I cherish my wife for the blessing she is and would never blemish that blessing with the stain of a dishonorable husband who can not keep his word.


----------



## Vega (Jan 8, 2013)

Cute story for you all--

I was working overseas as a bartender in an Officer's club. One evening, a group of 5 pilots came into the club. Now, fighter pilots have the reputation for being somewhat 'arrogant'. 

We didn't usually provide 'waitress' service, but that evening was slow. I came from behind the bar, and as I approached the table, I was loudly greeted with some "Heeeeey, how ya doin's?" from these guys. I smiled and fired right back, "I'm great today! What can I get you?" 

One of the Captains answered, "Well, you can start off by telling me your name! My name's Captain 'Jones', but *you* can call me "Mike"!" I stuck out my hand to shake his, and I said, "Well it's good to meet you Captain. My friend's call me "Mary", but *_you_* can call me *Mrs.* Vega!" 

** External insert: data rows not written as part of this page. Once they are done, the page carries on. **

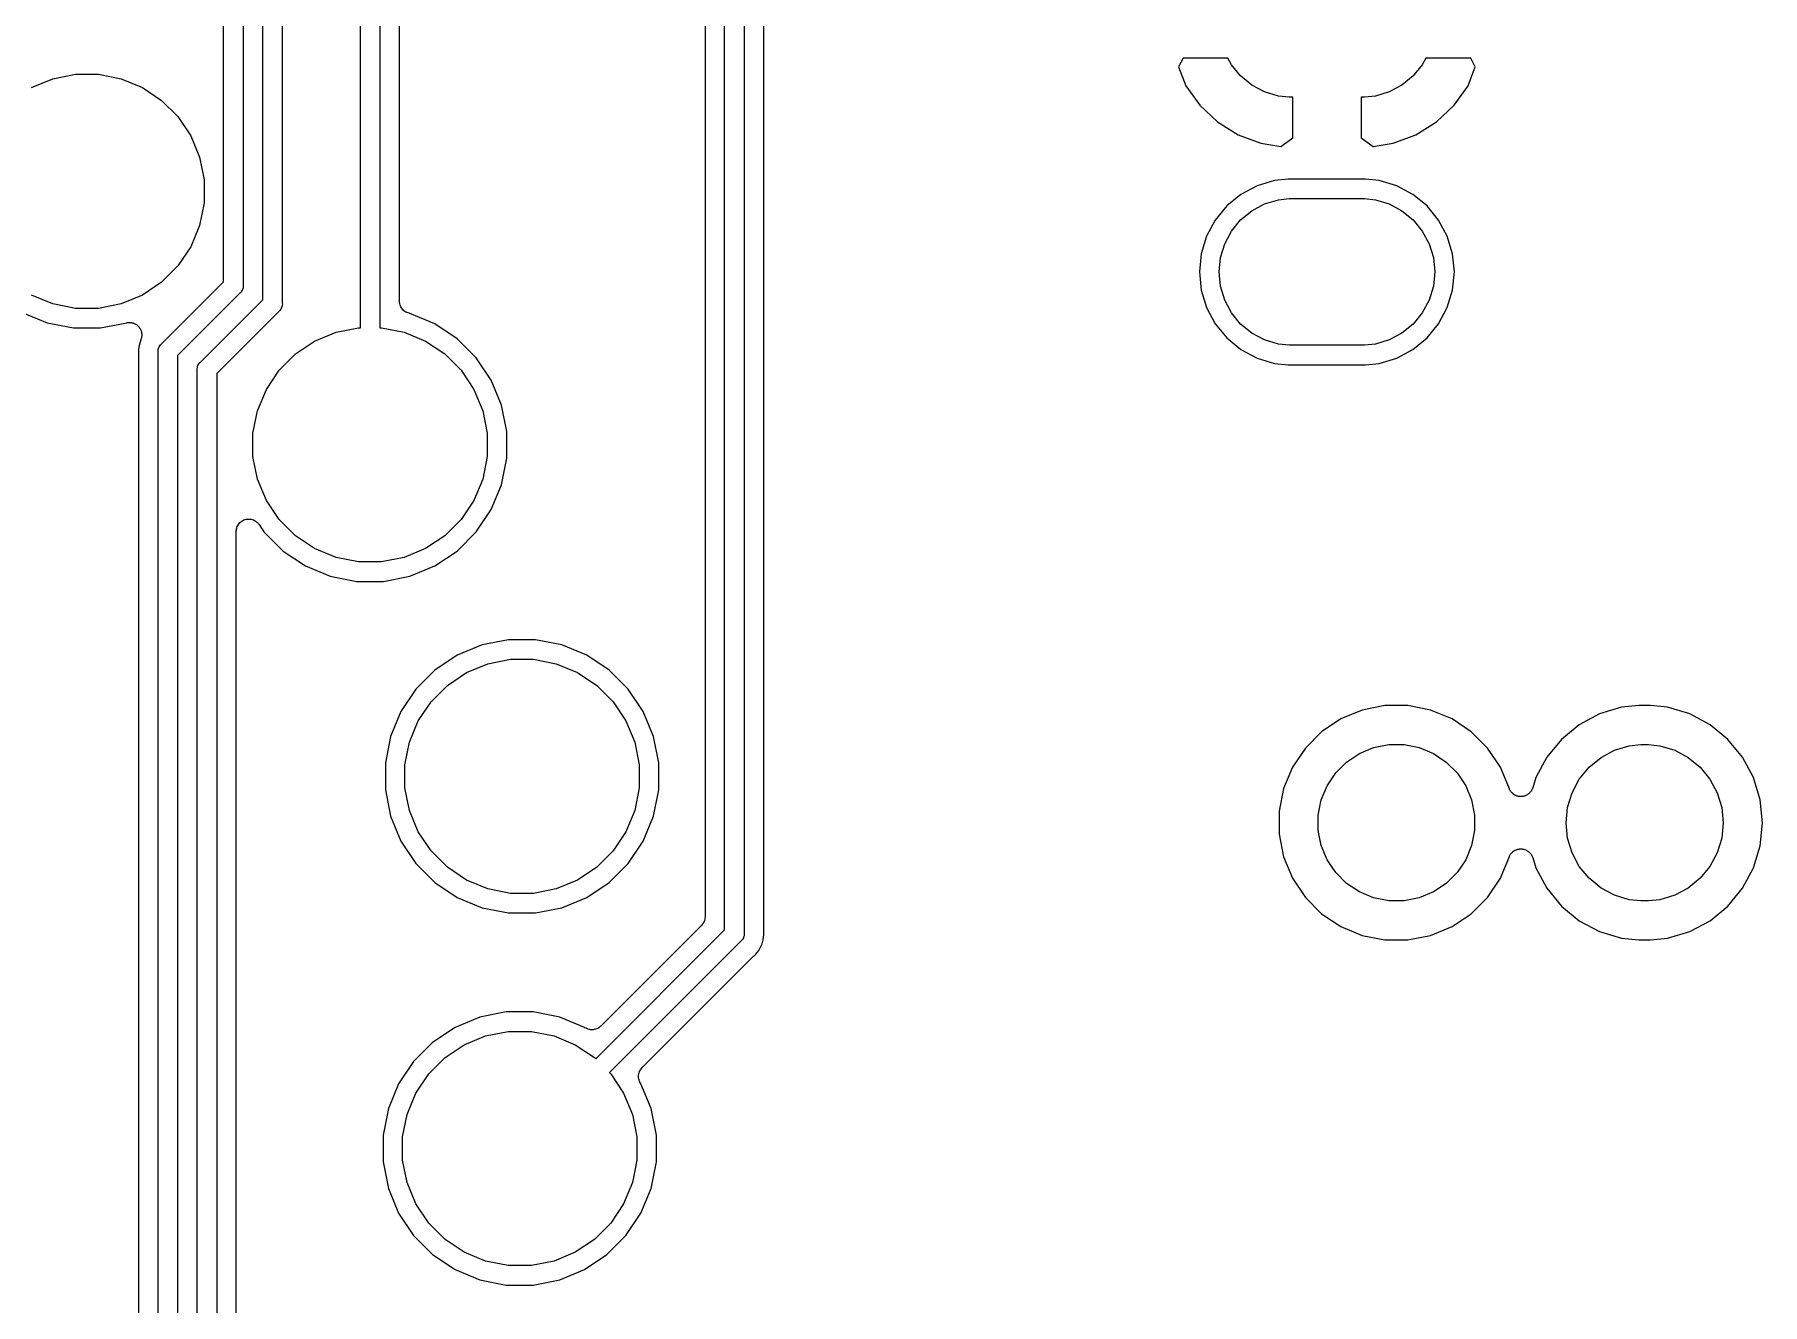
# Model space of a CAD drawing. Extents: x 69 to 176, y -105 to -48.
# Drawn here: x 121.9 to 139.59, y -92.36 to -79.36 of the extents above; entities that cross this region are included whole.
import ezdxf

# ---------------------------------------------------------------- set-up
doc = ezdxf.new("R2010")
doc.units = 0
doc.layers.add('BLACK', color=7, linetype='CONTINUOUS')

msp = doc.modelspace()

# ---------------------------------------------------------------- linework, layer by layer
at = {"layer": 'BLACK', "linetype": 'CONTINUOUS'}
for p, q in [((128.964, -88.5243), (128.964, -68.9464)), ((129.164, -68.9099), (129.164, -88.5608)), ((129.364, -88.5448), (129.364, -68.926)), ((125.236, -82.3595), (125.236, -70.3387)), ((125.436, -70.3438), (125.436, -82.3595)), ((124.237, -82.0727), (124.237, -70.4728)), ((124.437, -70.4363), (124.437, -82.1092)), ((128.764, -70.4148), (128.764, -88.3889)), ((123.837, -81.8885), (123.837, -70.6385)), ((124.037, -70.6019), (124.037, -81.9251)), ((125.636, -82.0875), (125.636, -70.5984)), ((133.656, -79.598), (133.61, -79.6884)), ((133.61, -79.6884), (133.684, -79.8831)), ((134.115, -79.598), (133.656, -79.598)), ((134.152, -79.667), (134.115, -79.598)), ((134.245, -79.7813), (134.152, -79.667)), ((136.104, -79.667), (136.011, -79.7813)), ((136.141, -79.598), (136.104, -79.667)), ((136.6, -79.598), (136.141, -79.598)), ((136.572, -79.8831), (136.646, -79.6884)), ((136.646, -79.6884), (136.6, -79.598)), ((121.87, -79.9001), (122.088, -79.8097)), ((122.088, -79.8097), (122.32, -79.7636)), ((122.32, -79.7636), (122.556, -79.7636)), ((122.556, -79.7636), (122.788, -79.8097)), ((122.788, -79.8097), (123.006, -79.9001)), ((123.006, -79.9001), (123.202, -80.0313)), ((133.684, -79.8831), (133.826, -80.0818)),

His friend's rolled on the floor with laughter, as he turned about 8 shades of red. He was NOT too happy with me...

Good thing _he_ wasn't the one tipping that night! 

The moral of this story is, that one way I prevent cheating is to nip it in the bud before any 'attraction' has a chance to bloom. 

Vega


----------



## Jasel (Jan 8, 2013)

Because the second I try, my right hand will know. We've been together for 29 years now. We have no secrets.


----------



## lordmayhem (Feb 7, 2011)

Vega said:


> Cute story for you all--
> 
> I was working overseas as a bartender in an Officer's club. One evening, a group of 5 pilots came into the club. Now, fighter pilots have the reputation for being somewhat 'arrogant'.
> 
> ...


:iagree: :iagree: :iagree:

That was an awesome example of someone with morals and personal boundaries. You shot him down before he make any more advances and showed you were not available to cheat.


----------



## russell28 (Apr 17, 2013)

Vega said:


> Cute story for you all--
> 
> I was working overseas as a bartender in an Officer's club. One evening, a group of 5 pilots came into the club. Now, fighter pilots have the reputation for being somewhat 'arrogant'.
> 
> ...



Another good observation.. You view this person hitting on you as disrespecting you and your M, so you let them know up front that you're happy and it's not going to happen.. that shuts things down. 

Not giving off the 'vibe' that it's okay to go there.. and I know from experience, this can be a very gratifying experience on it's own. You get the feeling of being desired, without the dirty feeling of reciprocating. You're also proud to have your spouses back, and to protect your M. It feels good. Selfish of you...


----------



## Burned (Jul 13, 2013)

I don't cheat because it's way more fun to be honest..


----------



## Jung_admirer (Jun 26, 2013)

Vega said:


> So why DON'T you cheat?


I need an emotional connection before sex is worth anything. I don't have it within me to compartmentalize, so I would have to disconnect from the woman I love. Thus an EA or a PA will always be a Faustian bargain. There's also the fact that every fiber of my being rejects the notion of being a wayward spouse.



Vega said:


> What do you do that keeps you on the straight and narrow? How do you keep yourself from cheating?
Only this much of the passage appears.